Nieśmiałość a związki – od czego zacząć?

Pojawia się pytanie, gdzie i jak poznawać ludzi? Na początku doskonale sprawdzają się portale społecznościowe i portale randkowe. Nie wstydź się do nich zapisać. Chodzi o to, by nabyć sprawności w rozmowie. Stwórz dobry profil. Umieść zdjęcie, na którym wyglądasz przyjaźnie i sympatycznie. Nie zaczynaj profilu od słów: „Jestem normalnym facetem” lub „Szukam normalnej kobiety” (lub odwrotnie). Słowo normalny można odczytać jako mało interesujący, przeciętny, nijaki. Żaden potencjalny partner nie chce być postrzegany jako „taki sobie”, ale ten wyjątkowy.
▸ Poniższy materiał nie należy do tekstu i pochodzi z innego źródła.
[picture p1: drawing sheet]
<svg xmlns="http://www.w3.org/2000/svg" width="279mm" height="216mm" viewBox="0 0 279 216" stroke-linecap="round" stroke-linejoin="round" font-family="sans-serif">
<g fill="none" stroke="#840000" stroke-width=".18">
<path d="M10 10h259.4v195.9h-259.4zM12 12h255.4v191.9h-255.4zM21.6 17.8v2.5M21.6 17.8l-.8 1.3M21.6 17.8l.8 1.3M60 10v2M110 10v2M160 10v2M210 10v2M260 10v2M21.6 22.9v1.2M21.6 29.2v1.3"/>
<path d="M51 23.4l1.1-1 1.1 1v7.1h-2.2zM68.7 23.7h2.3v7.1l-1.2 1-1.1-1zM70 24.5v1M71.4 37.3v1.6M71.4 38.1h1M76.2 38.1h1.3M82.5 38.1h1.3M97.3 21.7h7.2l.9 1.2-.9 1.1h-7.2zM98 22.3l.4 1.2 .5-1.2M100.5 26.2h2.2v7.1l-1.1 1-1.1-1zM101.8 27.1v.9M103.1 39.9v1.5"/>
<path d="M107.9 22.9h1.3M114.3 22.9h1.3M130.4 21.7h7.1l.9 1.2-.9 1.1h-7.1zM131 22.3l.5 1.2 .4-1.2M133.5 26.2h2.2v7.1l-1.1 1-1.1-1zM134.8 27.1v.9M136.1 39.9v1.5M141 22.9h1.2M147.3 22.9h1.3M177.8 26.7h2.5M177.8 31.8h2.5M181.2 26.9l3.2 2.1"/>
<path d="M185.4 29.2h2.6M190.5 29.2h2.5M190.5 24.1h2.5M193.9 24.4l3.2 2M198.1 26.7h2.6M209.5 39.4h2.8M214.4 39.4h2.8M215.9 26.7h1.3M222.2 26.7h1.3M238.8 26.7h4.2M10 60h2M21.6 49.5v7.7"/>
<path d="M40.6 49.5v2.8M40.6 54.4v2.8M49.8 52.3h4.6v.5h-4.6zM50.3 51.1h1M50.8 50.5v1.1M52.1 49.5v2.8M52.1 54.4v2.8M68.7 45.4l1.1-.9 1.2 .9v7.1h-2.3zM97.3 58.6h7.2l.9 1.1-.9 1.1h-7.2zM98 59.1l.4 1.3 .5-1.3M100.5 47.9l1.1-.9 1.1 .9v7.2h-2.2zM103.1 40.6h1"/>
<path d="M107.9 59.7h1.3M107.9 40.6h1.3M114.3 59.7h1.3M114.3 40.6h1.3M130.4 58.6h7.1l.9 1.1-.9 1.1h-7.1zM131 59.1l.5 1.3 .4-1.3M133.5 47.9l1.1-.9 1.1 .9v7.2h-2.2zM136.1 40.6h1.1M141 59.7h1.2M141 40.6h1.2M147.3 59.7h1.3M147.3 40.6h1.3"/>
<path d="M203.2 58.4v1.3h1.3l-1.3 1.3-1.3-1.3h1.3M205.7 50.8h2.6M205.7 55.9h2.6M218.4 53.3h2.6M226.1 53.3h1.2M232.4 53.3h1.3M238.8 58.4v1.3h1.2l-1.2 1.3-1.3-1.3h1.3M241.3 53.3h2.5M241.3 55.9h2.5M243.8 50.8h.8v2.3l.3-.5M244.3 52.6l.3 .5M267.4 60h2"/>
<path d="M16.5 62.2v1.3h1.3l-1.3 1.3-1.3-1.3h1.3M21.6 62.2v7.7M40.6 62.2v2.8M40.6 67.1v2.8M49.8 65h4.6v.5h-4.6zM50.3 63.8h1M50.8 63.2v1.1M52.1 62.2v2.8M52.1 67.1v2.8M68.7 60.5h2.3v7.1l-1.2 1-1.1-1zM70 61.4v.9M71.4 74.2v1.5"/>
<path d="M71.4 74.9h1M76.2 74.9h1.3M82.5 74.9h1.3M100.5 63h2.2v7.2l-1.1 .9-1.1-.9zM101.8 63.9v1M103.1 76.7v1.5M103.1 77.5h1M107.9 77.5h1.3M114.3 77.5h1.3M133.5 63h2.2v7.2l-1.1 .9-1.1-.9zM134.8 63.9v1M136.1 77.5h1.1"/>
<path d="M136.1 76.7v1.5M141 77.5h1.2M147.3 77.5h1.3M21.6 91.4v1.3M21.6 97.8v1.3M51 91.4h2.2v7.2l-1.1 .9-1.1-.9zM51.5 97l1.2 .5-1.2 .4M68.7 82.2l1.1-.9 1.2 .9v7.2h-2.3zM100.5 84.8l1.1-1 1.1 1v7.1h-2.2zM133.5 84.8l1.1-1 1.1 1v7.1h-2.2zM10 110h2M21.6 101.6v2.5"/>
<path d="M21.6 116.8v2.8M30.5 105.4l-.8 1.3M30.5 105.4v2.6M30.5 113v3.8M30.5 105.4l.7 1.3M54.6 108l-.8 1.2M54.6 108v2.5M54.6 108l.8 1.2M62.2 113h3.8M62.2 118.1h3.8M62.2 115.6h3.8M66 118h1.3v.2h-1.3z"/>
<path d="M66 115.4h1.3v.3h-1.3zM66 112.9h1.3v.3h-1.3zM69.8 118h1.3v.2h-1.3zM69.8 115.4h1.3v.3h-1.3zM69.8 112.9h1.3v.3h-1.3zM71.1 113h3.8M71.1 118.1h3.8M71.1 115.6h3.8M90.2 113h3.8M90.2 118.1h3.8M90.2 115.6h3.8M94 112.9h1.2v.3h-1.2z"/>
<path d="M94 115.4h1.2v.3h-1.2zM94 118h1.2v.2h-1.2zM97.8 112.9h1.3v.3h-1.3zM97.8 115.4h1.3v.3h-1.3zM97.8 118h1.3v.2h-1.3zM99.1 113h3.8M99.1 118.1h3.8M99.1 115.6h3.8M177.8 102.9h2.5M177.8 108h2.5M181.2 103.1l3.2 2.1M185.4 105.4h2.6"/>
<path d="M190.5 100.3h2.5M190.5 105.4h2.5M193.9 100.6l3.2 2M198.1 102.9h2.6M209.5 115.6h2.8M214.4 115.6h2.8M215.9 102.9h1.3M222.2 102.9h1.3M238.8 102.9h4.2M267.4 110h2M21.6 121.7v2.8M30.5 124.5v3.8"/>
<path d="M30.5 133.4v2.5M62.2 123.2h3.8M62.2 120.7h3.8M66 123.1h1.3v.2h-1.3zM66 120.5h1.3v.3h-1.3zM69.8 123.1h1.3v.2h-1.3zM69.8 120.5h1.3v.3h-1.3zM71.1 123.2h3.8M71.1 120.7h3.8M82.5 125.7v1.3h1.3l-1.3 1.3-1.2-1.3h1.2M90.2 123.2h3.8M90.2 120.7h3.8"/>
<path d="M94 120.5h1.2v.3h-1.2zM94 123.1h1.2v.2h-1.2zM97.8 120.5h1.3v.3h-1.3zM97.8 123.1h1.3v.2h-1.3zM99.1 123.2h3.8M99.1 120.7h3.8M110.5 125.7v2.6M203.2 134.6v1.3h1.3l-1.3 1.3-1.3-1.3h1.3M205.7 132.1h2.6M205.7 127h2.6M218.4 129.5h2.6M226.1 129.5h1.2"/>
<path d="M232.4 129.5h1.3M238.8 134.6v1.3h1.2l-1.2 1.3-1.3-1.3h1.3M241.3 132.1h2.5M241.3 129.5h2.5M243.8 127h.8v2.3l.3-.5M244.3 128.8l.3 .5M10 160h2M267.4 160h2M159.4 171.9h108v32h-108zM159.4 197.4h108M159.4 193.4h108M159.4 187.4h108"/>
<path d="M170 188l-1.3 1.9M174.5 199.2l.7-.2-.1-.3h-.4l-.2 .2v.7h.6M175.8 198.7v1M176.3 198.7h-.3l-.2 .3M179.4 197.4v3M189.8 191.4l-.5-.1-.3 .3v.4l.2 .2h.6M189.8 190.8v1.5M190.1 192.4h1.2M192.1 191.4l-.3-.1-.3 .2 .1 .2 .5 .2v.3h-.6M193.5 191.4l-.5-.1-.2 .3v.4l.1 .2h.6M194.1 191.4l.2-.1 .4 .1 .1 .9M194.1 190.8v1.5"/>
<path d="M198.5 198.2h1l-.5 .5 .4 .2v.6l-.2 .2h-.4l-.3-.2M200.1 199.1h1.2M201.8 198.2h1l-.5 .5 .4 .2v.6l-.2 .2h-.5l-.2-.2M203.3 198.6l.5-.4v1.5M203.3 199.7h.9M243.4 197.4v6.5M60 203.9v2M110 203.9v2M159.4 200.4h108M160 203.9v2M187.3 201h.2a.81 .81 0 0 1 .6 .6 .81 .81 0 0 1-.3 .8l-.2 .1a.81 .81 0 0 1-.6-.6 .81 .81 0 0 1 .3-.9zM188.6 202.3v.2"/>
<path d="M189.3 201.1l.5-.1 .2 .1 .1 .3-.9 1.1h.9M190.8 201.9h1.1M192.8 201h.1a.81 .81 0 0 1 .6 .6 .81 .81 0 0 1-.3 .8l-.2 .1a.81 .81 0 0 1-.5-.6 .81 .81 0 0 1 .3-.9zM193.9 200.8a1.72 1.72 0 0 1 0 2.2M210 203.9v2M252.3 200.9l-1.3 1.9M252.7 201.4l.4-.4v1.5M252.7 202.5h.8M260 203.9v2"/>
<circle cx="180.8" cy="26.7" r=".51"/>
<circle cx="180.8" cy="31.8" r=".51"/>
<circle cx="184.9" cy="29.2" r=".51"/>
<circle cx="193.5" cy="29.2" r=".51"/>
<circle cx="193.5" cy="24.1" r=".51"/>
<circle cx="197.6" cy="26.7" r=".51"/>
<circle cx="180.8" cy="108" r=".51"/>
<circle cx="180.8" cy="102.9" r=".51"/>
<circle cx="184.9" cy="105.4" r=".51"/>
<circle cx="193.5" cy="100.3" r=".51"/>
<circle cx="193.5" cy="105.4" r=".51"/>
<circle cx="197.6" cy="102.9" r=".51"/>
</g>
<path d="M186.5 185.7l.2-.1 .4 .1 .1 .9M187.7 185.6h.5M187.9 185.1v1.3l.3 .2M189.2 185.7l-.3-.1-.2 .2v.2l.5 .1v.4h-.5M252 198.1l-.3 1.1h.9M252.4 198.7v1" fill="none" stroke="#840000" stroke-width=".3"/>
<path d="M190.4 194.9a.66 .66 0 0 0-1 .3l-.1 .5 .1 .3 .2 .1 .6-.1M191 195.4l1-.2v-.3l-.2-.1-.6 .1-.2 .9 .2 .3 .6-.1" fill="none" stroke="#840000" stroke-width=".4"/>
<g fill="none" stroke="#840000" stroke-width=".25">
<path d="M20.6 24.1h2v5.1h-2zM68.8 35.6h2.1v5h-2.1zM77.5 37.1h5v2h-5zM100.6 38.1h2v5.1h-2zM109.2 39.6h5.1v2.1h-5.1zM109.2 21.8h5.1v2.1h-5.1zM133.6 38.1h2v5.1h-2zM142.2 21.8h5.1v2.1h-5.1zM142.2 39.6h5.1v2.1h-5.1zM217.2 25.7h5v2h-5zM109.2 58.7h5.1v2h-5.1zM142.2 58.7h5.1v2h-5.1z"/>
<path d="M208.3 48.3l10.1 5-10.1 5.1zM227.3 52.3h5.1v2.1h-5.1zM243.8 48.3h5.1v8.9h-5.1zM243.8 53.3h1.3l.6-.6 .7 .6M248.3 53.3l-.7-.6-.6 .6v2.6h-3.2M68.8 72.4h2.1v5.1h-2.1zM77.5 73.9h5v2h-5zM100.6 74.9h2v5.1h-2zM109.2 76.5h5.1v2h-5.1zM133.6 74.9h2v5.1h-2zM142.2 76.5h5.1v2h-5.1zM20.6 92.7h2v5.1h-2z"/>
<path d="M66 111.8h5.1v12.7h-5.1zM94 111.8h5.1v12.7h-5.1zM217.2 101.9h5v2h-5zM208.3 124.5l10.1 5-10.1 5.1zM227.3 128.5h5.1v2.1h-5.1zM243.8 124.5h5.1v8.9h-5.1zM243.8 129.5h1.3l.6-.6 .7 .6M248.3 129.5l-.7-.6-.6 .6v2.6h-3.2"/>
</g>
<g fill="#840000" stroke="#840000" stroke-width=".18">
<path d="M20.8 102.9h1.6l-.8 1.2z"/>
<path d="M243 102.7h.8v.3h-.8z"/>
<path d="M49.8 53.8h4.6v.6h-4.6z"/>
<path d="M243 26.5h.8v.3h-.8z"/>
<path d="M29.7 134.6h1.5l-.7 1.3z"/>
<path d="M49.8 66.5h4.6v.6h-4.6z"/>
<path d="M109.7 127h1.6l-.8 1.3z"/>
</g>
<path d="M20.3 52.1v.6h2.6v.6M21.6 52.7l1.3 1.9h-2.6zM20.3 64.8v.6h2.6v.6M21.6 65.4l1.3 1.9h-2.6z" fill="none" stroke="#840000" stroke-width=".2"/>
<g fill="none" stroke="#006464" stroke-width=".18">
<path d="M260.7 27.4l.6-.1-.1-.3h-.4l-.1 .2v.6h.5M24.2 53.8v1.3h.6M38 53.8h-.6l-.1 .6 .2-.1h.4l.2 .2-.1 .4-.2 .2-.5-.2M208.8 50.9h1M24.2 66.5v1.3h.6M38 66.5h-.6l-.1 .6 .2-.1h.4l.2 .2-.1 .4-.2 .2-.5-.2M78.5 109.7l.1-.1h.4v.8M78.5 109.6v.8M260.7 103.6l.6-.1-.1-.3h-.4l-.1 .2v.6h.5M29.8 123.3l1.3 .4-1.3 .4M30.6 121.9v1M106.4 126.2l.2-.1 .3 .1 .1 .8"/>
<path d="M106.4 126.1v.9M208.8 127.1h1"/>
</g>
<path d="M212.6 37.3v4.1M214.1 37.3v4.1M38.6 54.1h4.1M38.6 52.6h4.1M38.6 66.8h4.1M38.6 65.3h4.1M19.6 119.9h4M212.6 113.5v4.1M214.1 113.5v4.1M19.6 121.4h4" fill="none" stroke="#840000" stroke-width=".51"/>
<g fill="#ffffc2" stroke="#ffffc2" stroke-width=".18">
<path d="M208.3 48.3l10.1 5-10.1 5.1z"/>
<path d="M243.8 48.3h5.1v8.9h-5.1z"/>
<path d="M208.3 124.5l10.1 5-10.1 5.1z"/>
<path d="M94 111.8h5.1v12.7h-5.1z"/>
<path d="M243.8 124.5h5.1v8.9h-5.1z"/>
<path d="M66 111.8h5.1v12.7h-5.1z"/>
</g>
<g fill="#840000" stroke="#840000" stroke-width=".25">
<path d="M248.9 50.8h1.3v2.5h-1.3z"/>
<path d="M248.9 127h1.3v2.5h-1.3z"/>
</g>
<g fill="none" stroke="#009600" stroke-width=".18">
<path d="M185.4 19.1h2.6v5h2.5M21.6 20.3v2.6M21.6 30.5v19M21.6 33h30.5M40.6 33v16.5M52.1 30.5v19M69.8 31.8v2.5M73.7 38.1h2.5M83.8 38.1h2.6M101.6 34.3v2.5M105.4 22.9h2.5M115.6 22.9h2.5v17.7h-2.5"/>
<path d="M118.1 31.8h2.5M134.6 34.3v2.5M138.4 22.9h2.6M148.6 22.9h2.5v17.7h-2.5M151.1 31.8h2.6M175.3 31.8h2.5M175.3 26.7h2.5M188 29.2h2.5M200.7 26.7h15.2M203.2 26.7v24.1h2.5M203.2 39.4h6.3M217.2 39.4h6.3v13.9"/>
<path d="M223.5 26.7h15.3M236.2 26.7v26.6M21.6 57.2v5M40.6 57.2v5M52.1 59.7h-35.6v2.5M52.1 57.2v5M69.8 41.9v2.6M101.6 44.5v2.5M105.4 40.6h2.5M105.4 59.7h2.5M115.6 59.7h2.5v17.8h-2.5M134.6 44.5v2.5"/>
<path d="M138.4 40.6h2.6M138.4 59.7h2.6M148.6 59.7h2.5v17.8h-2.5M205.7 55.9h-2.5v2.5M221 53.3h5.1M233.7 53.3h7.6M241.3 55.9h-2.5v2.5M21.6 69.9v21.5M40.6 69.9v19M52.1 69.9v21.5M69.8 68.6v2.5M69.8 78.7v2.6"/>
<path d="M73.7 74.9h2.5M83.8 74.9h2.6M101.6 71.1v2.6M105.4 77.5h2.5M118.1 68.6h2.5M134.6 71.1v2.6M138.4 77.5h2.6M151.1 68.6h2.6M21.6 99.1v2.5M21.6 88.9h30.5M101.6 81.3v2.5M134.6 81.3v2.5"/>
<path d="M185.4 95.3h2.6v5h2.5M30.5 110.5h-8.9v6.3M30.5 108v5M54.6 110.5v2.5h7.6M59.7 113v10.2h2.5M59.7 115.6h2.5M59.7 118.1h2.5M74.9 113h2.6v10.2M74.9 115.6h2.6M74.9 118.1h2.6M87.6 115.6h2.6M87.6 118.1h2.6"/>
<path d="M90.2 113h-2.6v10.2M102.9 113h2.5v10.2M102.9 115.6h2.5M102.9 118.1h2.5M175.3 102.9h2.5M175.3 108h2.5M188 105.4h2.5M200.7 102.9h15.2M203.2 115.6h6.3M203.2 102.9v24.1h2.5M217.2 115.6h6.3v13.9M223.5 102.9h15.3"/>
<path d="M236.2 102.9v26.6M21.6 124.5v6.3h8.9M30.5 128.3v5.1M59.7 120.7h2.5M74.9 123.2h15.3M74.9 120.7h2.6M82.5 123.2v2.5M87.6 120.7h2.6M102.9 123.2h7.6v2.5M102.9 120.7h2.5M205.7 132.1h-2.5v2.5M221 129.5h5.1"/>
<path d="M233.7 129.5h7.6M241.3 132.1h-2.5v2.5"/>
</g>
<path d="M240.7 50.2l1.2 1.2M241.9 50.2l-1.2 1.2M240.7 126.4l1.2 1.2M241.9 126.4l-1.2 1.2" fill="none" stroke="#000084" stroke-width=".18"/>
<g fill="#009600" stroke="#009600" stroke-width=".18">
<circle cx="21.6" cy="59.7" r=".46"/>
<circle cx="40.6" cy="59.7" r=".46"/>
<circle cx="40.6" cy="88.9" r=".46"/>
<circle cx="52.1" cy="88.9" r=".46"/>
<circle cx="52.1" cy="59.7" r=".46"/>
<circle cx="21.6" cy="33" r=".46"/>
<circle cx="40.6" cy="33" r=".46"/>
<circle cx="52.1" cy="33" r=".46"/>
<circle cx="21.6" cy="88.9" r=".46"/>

Zdecydowanie lepiej brzmią określenia: „Jestem dobrym, wrażliwym człowiekiem”.

Opisz swoje życie w interesujący sposób (jaki sam by cię zainteresował, gdybyś był płcią przeciwną), tak aby ta druga osoba poczuła, że warto cię poznać. Napisz dokładnie na czym ci zależy. Do czego konkretnie dążysz i kogo szukasz. Może lubisz jak ktoś uprawia sport, albo dba o wygląd, jest artystyczną duszą, ma poczucie humoru, gra na instrumencie? Pamiętaj, by pisać prawdę, bowiem każda nieszczerość w którymś momencie wyjdzie na jaw. Ważne też, żebyś nie zrażał się, gdy ktoś ci nie odpisze lub rozmowa nie potoczy się tak jakbyś chciał. Nastaw się, że na początku nie chodzi o znalezienie partnera na całe życie, a o poznawanie ludzi.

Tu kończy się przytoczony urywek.